Slowed, diaphragmatic breathing shifts the SNS/PNS balance to the PNS, like taking your foot off the gas and putting it on the brake. Fewer than 10 breaths per minute, with longer exhalations than inhalations.

What your grandma probably didn’t know, is that this has everything to do with your vagus nerve.

 

The vagus nerve

There are 12 pairs of cranial nerves coming from the brain. The vagus nerve pair is the longest, largest and most connected, snaking from the left and right sides of your brainstem down into your abdomen, and connecting all major organs with the brain.

Its widely branching structure gives it its name; vagus means wandering.

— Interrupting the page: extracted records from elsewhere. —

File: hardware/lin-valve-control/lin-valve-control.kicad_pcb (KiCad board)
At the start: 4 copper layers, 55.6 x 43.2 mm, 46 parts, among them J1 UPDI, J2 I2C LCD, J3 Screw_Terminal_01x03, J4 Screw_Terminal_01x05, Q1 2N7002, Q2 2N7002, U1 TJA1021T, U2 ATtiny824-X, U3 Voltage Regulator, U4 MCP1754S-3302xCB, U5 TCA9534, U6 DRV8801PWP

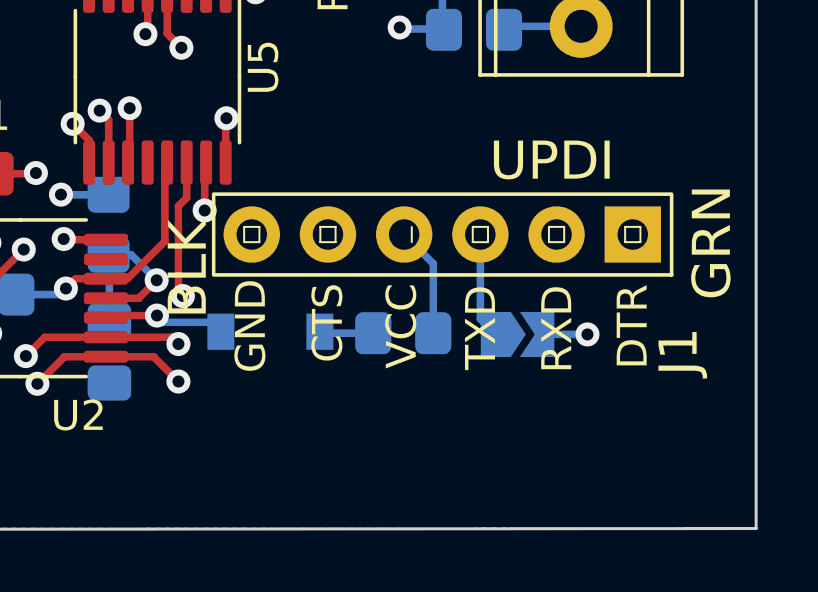
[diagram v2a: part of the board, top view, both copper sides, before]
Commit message: Update the schematics... remove PCA9536, use voltage regulator
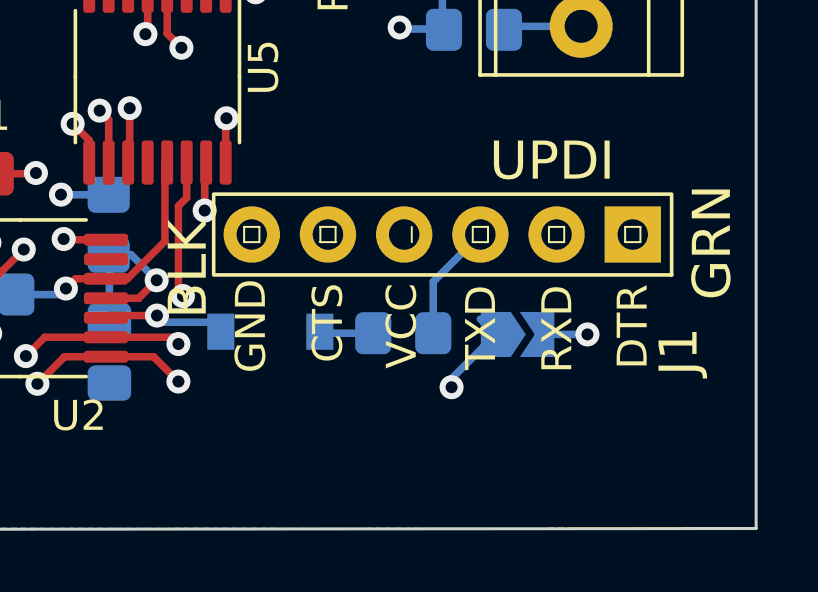
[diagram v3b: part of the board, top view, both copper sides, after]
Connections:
- J1 pad 1: GND -> unconnected-(J1-Pad1)
- J1 pad 2: unconnected-(J1-Pad2) -> UPDI
- J1 pad 4: Net-(J1-Pad4) -> Net-(JP1-Pad1)
- J1 pad 5: UPDI -> unconnected-(J1-Pad5)
- J1 pad 6: unconnected-(J1-Pad6) -> GND
- JP1 pad 1: Net-(J1-Pad3) -> Net-(JP1-Pad1)
- R6 pad 2: Net-(J1-Pad4) -> Net-(J1-Pad3)
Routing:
- net Net-(JP1-Pad1): track 0.00 -> 8.84 mm, vias 0 -> 1
- net UPDI: track 11.1 -> 18.7 mm
- net Net-(J1-Pad4): track 3.69 -> 0.00 mm
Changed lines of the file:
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@@
   (net 8 "SCL")
   (net 9 "SDA")
-  (net 10 "Net-(U2-Pad5)")
+  (net 10 "unconnected-(J1-Pad1)")
   (net 11 "unconnected-(U3-Pad4)")
   (net 12 "Net-(C10-Pad1)")
@@
   (net 18 "UPDI")
   (net 19 "+BATT")
-  (net 20 "unconnected-(J1-Pad2)")
+  (net 20 "Net-(JP1-Pad1)")
   (net 21 "Net-(J1-Pad3)")
   (net 22 "Net-(D2-Pad1)")
@@
   (net 25 "SCL5V")
   (net 26 "SDA5V")
-  (net 27 "Net-(J1-Pad4)")
-  (net 28 "unconnected-(J1-Pad6)")
+  (net 27 "unconnected-(J1-Pad5)")
+  (net 28 "Net-(R5-Pad1)")
   (net 29 "VALVE+")
   (net 30 "VALVE-")
@@
       (net 7 "~{LIN_WAKE}") (pinfunction "PA6") (pintype "bidirectional"))
     (pad "5" smd roundrect (at -2.8625 0.65) (size 1.475 0.4) (layers "F.Cu" "F.Paste" "F.Mask") (roundrect_rratio 0.25)
-      (net 10 "Net-(U2-Pad5)") (pinfunction "PA7") (pintype "bidirectional"))
+      (net 28 "Net-(R5-Pad1)") (pinfunction "PA7") (pintype "bidirectional"))
     (pad "6" smd roundrect (at -2.8625 1.3) (size 1.475 0.4) (layers "F.Cu" "F.Paste" "F.Mask") (roundrect_rratio 0.25)
       (net 5 "RXD") (pinfunction "PB3") (pintype "bidirectional"))
@@
     (fp_rect (start -1.2954 -1.3462) (end 13.97 1.3462) (layer "F.SilkS") (width 0.12) (fill none))
     (pad "1" thru_hole rect (at 0 0 180) (size 1.8796 1.8796) (drill 1.016) (layers *.Cu *.Paste *.Mask)
-      (net 1 "GND") (pinfunction "GND") (pintype "passive"))
+      (net 10 "unconnected-(J1-Pad1)") (pinfunction "DTR") (pintype "passive+no_connect"))
     (pad "2" thru_hole circle (at 2.54 0 180) (size 1.8796 1.8796) (drill 1.016) (layers *.Cu *.Paste *.Mask)
-      (net 20 "unconnected-(J1-Pad2)") (pinfunction "CTS") (pintype "passive+no_connect"))
+      (net 18 "UPDI") (pinfunction "RXD") (pintype "passive"))
     (pad "3" thru_hole circle (at 5.08 0 180) (size 1.8796 1.8796) (drill 1.016) (layers *.Cu *.Paste *.Mask)
-      (net 21 "Net-(J1-Pad3)") (pinfunction "VCC") (pintype "passive"))
+      (net 21 "Net-(J1-Pad3)") (pinfunction "TXD") (pintype "passive"))
     (pad "4" thru_hole circle (at 7.62 0 180) (size 1.8796 1.8796) (drill 1.016) (layers *.Cu *.Paste *.Mask)
-      (net 27 "Net-(J1-Pad4)") (pinfunction "TXD") (pintype "passive"))
+      (net 20 "Net-(JP1-Pad1)") (pinfunction "VCC") (pintype "passive"))
     (pad "5" thru_hole circle (at 10.16 0 180) (size 1.8796 1.8796) (drill 1.016) (layers *.Cu *.Paste *.Mask)
-      (net 18 "UPDI") (pinfunction "RXD") (pintype "passive"))
+      (net 27 "unconnected-(J1-Pad5)") (pinfunction "CTS") (pintype "passive+no_connect"))
     (pad "6" thru_hole circle (at 12.7 0 180) (size 1.8796 1.8796) (drill 1.016) (layers *.Cu *.Paste *.Mask)
-      (net 28 "unconnected-(J1-Pad6)") (pinfunction "RTS") (pintype "passive+no_connect"))
+      (net 1 "GND") (pinfunction "GND") (pintype "passive"))
   )
   (footprint "Package_SO:HTSSOP-16-1EP_4.4x5mm_P0.65mm_EP3.4x5mm_Mask3x3mm_ThermalVias" (layer "F.Cu")
@@
       (net 22 "Net-(D2-Pad1)") (pintype "passive"))
     (pad "2" smd roundrect (at 1 0) (size 1.2 1.4) (layers "B.Cu" "B.Paste" "B.Mask") (roundrect_rratio 0.2083333333)
-      (net 27 "Net-(J1-Pad4)") (pintype "passive"))
+      (net 21 "Net-(J1-Pad3)") (pintype "passive"))
     (model "${KICAD6_3DMODEL_DIR}/Resistor_SMD.3dshapes/R_0805_2012Metric.wrl"
       (offset (xyz 0 0 0))
@@
     (fp_line (start -1 0.625) (end 1 0.625) (layer "B.Fab") (width 0.1))
     (pad "1" smd roundrect (at -1 0 90) (size 1.2 1.4) (layers "B.Cu" "B.Paste" "B.Mask") (roundrect_rratio 0.2083333333)
-      (net 10 "Net-(U2-Pad5)") (pintype "passive"))
+      (net 28 "Net-(R5-Pad1)") (pintype "passive"))
     (pad "2" smd roundrect (at 1 0 90) (size 1.2 1.4) (layers "B.Cu" "B.Paste" "B.Mask") (roundrect_rratio 0.2083333333)
       (net 16 "Net-(D1-Pad2)") (pintype "passive"))
@@
     (fp_line (start -1.65 1.25) (end 1.65 1.25) (layer "B.CrtYd") (width 0.05))
     (pad "1" smd custom (at -0.725 0) (size 0.3 0.3) (layers "B.Cu" "B.Mask")
-      (net 21 "Net-(J1-Pad3)") (pinfunction "A") (pintype "passive") (zone_connect 2)
+      (net 20 "Net-(JP1-Pad1)") (pinfunction "A") (pintype "passive") (zone_connect 2)
       (options (clearance outline) (anchor rect))
       (primitives
@@
   (segment (start 184.3 88.45) (end 184.3 89.2) (width 0.25) (layer "B.Cu") (net 9))
   (segment (start 184.3 89.2) (end 185.425 90.325) (width 0.25) (layer "B.Cu") (net 9))
-  (segment (start 203.945 94.575) (end 206.22 92.3) (width 0.25) (layer "F.Cu") (net 10))
-  (segment (start 203.2375 94.575) (end 203.945 94.575) (width 0.25) (layer "F.Cu") (net 10))
-  (via (at 203.735286 87.711025) (size 0.8) (drill 0.4) (layers "F.Cu" "B.Cu") (net 10))
-  (via (at 206.22 92.3) (size 0.8) (drill 0.4) (layers "F.Cu" "B.Cu") (net 10))
-  (segment (start 205.9 89.96) (end 203.68 87.74) (width 0.25) (layer "In1.Cu") (net 10))
-  (segment (start 205.9 91.98) (end 205.9 89.96) (width 0.25) (layer "In1.Cu") (net 10))
-  (segment (start 206.22 92.3) (end 205.9 91.98) (width 0.25) (layer "In1.Cu") (net 10))
-  (segment (start 203.708975 87.711025) (end 203.735286 87.711025) (width 0.25) (layer "In1.Cu") (net 10))
-  (segment (start 203.68 87.74) (end 203.708975 87.711025) (width 0.25) (layer "In1.Cu") (net 10))
-  (segment (start 202.72 86.695739) (end 203.735286 87.711025) (width 0.25) (layer "B.Cu") (net 10))
-  (segment (start 202.72 86.37) (end 202.72 86.695739) (width 0.25) (layer "B.Cu") (net 10))
   (segment (start 213.375 72.6) (end 214.05 71.925) (width 0.25) (layer "F.Cu") (net 12))
   (segment (start 214.05 71.925) (end 215.125 71.925) (width 0.25) (layer "F.Cu") (net 12))
@@
   (segment (start 211.5125 63.91) (end 211.42 63.8175) (width 0.25) (layer "F.Cu") (net 17))
   (segment (start 209.037 94.5005) (end 208.9625 94.575) (width 0.25) (layer "F.Cu") (net 18))
-  (segment (start 216.4 91.84) (end 216.36 91.8) (width 0.25) (layer "F.Cu") (net 18))
   (segment (start 210.66 94.5005) (end 209.037 94.5005) (width 0.25) (layer "F.Cu") (net 18))
   (via (at 210.66 94.5005) (size 0.8) (drill 0.4) (layers "F.Cu" "B.Cu") (net 18))
-  (segment (start 216.36 91.8) (end 213.435 94.725) (width 0.25) (layer "In2.Cu") (net 18))
-  (segment (start 213.435 94.725) (end 210.8845 94.725) (width 0.25) (layer "In2.Cu") (net 18))
   (segment (start 210.8845 94.725) (end 210.66 94.5005) (width 0.25) (layer "In2.Cu") (net 18))
+  (segment (start 221.055 94.725) (end 210.8845 94.725) (width 0.25) (layer "In2.Cu") (net 18))
+  (segment (start 223.98 91.8) (end 221.055 94.725) (width 0.25) (layer "In2.Cu") (net 18))
   (segment (start 212.79 95.04) (end 212.475 94.725) (width 0.25) (layer "B.Cu") (net 18))
   (segment (start 212.475 94.725) (end 210.8845 94.725) (width 0.25) (layer "B.Cu") (net 18))
@@
   (segment (start 224.7 64) (end 219.32 64) (width 1.2) (layer "F.Cu") (net 19))
   (segment (start 219.32 64) (end 219.23 63.91) (width 0.25) (layer "F.Cu") (net 19))
-  (segment (start 221.44 91.8) (end 221.44 94.615) (width 0.25) (layer "B.Cu") (net 21))
-  (segment (start 221.44 94.615) (end 221.955 95.13) (width 0.25) (layer "B.Cu") (net 21))
+  (via (at 220.48 96.89) (size 0.8) (drill 0.4) (layers "F.Cu" "B.Cu") (net 20))
+  (segment (start 218.9 91.8) (end 218.9 95.31) (width 0.25) (layer "In1.Cu") (net 20))
+  (segment (start 218.9 95.31) (end 220.48 96.89) (width 0.25) (layer "In1.Cu") (net 20))
+  (segment (start 220.48 96.89) (end 220.48 96.605) (width 0.25) (layer "B.Cu") (net 20))
+  (segment (start 221.44 94.615) (end 221.955 95.13) (width 0.25) (layer "B.Cu") (net 20))
+  (segment (start 220.48 96.605) (end 221.955 95.13) (width 0.25) (layer "B.Cu") (net 20))
+  (segment (start 219.87 95.09) (end 219.87 93.37) (width 0.25) (layer "B.Cu") (net 21))
+  (segment (start 219.87 93.37) (end 221.44 91.8) (width 0.25) (layer "B.Cu") (net 21))
   (segment (start 217.87 95.09) (end 216.14 95.09) (width 0.25) (layer "B.Cu") (net 22))
   (segment (start 216.14 95.09) (end 216.09 95.04) (width 0.25) (layer "B.Cu") (net 22))
@@
   (segment (start 184.4 84.725) (end 184.4 82.93) (width 0.25) (layer "B.Cu") (net 26))
   (segment (start 184.4 82.93) (end 185.23 82.1) (width 0.25) (layer "B.Cu") (net 26))
-  (segment (start 218.9 91.8) (end 219.87 92.77) (width 0.25) (layer "B.Cu") (net 27))
-  (segment (start 219.87 92.77) (end 219.87 95.09) (width 0.25) (layer "B.Cu") (net 27))
+  (segment (start 216.4 91.84) (end 216.36 91.8) (width 0.25) (layer "F.Cu") (net 27))
+  (segment (start 203.945 94.575) (end 206.22 92.3) (width 0.25) (layer "F.Cu") (net 28))
+  (segment (start 203.2375 94.575) (end 203.945 94.575) (width 0.25) (layer "F.Cu") (net 28))
+  (via (at 203.735286 87.711025) (size 0.8) (drill 0.4) (layers "F.Cu" "B.Cu") (net 28))
+  (via (at 206.22 92.3) (size 0.8) (drill 0.4) (layers "F.Cu" "B.Cu") (net 28))
+  (segment (start 205.9 89.96) (end 203.68 87.74) (width 0.25) (layer "In1.Cu") (net 28))
+  (segment (start 205.9 91.98) (end 205.9 89.96) (width 0.25) (layer "In1.Cu") (net 28))
+  (segment (start 206.22 92.3) (end 205.9 91.98) (width 0.25) (layer "In1.Cu") (net 28))
+  (segment (start 203.708975 87.711025) (end 203.735286 87.711025) (width 0.25) (layer "In1.Cu") (net 28))
+  (segment (start 203.68 87.74) (end 203.708975 87.711025) (width 0.25) (layer "In1.Cu") (net 28))
+  (segment (start 202.72 86.695739) (end 203.735286 87.711025) (width 0.25) (layer "B.Cu") (net 28))
+  (segment (start 202.72 86.37) (end 202.72 86.695739) (width 0.25) (layer "B.Cu") (net 28))
   (segment (start 214.025 81.975) (end 214.575 82.525) (width 0.2) (layer "F.Cu") (net 29))
   (segment (start 214.025 80.675) (end 214.025 81.975) (width 0.2) (layer "F.Cu") (net 29))

And one of its primary jobs is managing the parasympathetic nervous system, the PNS. Vagus nerve activity is modulated by breathing. When you inhale, vagus nerve activity is suppressed. When you exhale, slowly, its activity is facilitated.

Deep, diaphragmatic breathing, with fewer than 10 breaths per minute, with shorter inhalations and longer exhalations, facilitates your vagus nerve to dampen SNS activity by activating the PNS. Rest/digest takes over from fight/flight. It’s a slick piece of physiology to know about.

It’s putting your foot on your threat system’s brake pedal.

 

A little piece of magic

And here’s the bonus.

Your amygdala is the key structure in identifying threat. It has the ability to hijack your brain for its own needs.

But when you can dampen your SNS and facilitate your PNS, you minimise the threat response and restore function to areas of your brain the amygdala disconnected. You have more mental resources available to you. You have more mental capability.

Now, you can shift from feeling threatened. You can welcome information to help you develop. You can feel grateful someone took the time to help you.

Provided the feedback giver is sincere, you can recognise they’re on your side. You can reframe them as an ally. At that point, the amygdala changes teams.

Really.

In an astonishing piece of neural gymnastics, it backflips.

It then uses its significant neural power to reinforce the social connection you have with this person, this ally. They become significant to you and your amygdala, which now tracks them intently and continues to strengthen the social bond.

A threat no longer, the amygdala then works to keep you connected to this person, because they’re safe for you. It does the same with a close team and friends.

Magic.

 

Summary

  • The brain, and especially the amygdala,  is obsessed with threat and safety and will override other brain functions to keep you safe
  • Deep breathing, fewer than 10 breaths per minute, with long exhalations, activates the vagus nerve
  • Activating the vagus nerve suppresses the fight/flight SNS and activates the rest/digest PNS, restoring deactivated brain functions
  • You can then reinterpret the situation as non-threatening, which is evidenced by your now activated rest/digest system
  • The amygdala will see the person and even the situation as safe, and actively work to strengthen your social bond with them.